I think the potential is still there for these to be nice cards given the price, but I wouldn't blame anyone that waits for a 24GB 3nm card (say something like 6x1920=11520sp/256-bit 40-42gbps/24GB).
I think that's the play, imo. Plus, it'll likely be cheaper than a 5080 or a theoretical 7900xtx-like RDNA4 chip on 4nm.
They could've made a perfect 16GB card with 24gbps ram and high clocks, even if between 5070 and 5070ti in price. Maybe they still will. I wonder when they'll launch it? With this in March, later, or never?
They could have made a nice long-lasting 24GB card if 7900xtx w/ 24gbps/high-clocks. Perhaps there is a reason for that tho (nobody wants to sell a card that's 'perfect'/cheap as then you'll never upgrade.)

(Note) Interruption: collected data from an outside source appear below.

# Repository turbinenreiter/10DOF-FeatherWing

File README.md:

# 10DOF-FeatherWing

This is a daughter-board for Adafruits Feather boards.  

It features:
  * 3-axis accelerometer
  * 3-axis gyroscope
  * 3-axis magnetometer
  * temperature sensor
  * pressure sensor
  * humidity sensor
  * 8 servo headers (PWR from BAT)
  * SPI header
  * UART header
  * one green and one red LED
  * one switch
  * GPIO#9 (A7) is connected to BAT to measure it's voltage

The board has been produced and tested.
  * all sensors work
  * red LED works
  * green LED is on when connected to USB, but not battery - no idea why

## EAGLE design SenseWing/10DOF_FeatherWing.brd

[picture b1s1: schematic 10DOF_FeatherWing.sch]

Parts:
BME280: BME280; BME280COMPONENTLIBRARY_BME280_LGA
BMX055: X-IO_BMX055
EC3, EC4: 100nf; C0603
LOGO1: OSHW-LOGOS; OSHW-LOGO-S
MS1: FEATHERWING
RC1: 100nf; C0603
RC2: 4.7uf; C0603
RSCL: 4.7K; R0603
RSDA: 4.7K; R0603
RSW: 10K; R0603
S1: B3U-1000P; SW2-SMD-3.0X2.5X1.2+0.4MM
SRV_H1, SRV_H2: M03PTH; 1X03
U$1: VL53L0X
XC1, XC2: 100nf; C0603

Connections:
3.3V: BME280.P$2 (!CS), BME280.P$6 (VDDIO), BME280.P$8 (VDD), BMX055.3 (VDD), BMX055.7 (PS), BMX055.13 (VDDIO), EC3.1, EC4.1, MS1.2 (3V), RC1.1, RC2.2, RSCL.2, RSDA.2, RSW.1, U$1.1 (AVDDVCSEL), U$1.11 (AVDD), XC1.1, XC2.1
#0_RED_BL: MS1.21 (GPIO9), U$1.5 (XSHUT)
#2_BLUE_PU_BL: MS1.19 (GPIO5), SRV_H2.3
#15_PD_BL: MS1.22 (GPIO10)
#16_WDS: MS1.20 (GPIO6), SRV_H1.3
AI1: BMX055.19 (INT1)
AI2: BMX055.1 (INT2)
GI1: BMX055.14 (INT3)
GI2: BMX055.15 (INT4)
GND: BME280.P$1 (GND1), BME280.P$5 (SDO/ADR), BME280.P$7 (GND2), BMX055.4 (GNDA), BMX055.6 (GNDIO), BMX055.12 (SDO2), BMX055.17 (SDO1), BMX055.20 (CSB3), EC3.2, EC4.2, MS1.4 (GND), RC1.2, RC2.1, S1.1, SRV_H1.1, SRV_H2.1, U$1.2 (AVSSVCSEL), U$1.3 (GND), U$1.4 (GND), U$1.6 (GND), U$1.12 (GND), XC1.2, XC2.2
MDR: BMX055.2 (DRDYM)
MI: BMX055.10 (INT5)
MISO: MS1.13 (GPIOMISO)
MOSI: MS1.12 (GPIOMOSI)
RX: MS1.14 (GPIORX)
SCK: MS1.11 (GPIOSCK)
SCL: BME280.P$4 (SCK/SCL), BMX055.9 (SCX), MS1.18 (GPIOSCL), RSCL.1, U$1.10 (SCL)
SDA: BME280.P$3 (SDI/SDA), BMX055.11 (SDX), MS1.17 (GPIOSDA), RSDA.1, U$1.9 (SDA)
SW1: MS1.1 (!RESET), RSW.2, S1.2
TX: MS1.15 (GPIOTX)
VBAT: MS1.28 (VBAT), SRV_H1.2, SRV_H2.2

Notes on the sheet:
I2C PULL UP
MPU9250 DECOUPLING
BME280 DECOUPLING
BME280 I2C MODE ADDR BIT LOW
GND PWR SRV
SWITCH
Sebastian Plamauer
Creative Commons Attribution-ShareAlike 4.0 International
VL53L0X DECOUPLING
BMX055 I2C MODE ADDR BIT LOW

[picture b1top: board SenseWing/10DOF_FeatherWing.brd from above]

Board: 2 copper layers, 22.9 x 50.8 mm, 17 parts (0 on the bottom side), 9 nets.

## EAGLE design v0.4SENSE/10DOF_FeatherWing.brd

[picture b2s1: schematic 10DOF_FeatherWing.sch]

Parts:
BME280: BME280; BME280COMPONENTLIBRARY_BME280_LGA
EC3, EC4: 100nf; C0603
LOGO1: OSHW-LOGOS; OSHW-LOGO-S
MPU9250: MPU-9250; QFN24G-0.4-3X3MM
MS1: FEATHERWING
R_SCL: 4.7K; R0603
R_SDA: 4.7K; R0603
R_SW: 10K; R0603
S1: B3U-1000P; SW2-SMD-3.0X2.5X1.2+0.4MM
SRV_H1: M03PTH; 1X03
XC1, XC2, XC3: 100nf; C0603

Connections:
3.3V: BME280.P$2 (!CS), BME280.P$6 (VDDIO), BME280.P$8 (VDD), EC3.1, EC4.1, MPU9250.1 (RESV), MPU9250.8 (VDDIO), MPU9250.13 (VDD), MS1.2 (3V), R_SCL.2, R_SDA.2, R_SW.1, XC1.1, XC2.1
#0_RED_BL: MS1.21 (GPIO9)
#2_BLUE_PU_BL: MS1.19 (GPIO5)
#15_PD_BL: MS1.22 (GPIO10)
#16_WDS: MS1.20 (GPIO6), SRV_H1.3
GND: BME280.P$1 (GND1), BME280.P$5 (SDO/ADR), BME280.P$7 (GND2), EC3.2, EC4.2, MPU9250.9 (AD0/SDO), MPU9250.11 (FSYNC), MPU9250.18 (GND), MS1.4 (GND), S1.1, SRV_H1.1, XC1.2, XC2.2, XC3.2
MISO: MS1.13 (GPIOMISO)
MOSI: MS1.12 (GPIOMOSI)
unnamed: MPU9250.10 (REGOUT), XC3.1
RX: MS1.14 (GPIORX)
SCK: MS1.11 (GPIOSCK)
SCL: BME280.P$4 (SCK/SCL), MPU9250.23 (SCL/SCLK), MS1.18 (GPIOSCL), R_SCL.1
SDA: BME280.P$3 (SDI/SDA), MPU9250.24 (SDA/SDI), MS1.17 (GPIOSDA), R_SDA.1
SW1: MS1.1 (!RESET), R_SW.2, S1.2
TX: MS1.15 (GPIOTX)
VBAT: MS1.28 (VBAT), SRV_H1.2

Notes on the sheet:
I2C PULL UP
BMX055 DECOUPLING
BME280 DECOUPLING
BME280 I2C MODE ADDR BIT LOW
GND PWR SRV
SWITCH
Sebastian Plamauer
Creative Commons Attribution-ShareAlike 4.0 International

FWIW, that's why the gap between 5080/5090, and why 5080 is 16GB. Between that will get you through the next console gen. I figure a little over 80TF for a nice PC experience for literally 10 years.
Interesting that a theoretical 7900xtx using N48 principals would've filled this niche...or is it? Why sell it once if N48/GB203 users will need to eventually buy another card? So nice, they'll sell you stuff twice.
Instead, we get this. And a delay. And FSR4 in Alpha. Honestly...WTF is going on over there?
Where is the AMD/ATi I grew up loving for their engineering prowess...even in face of marketing adversity? I will forever champion their better core design decisions (and OC ability) vs nVIDIA's marketing.
Instead, it feels like they are 100% followers (in this instance), down to waiting for pricing, after-launch performance/clocks for opposition research, and even coping the naming scheme. Pretty damn sad.
Like I said, though, 9070XTi when? How much? That's what I want to know. If
THAT was coming it March, I'd understand. When it's called that, btw, I will laugh through my tears.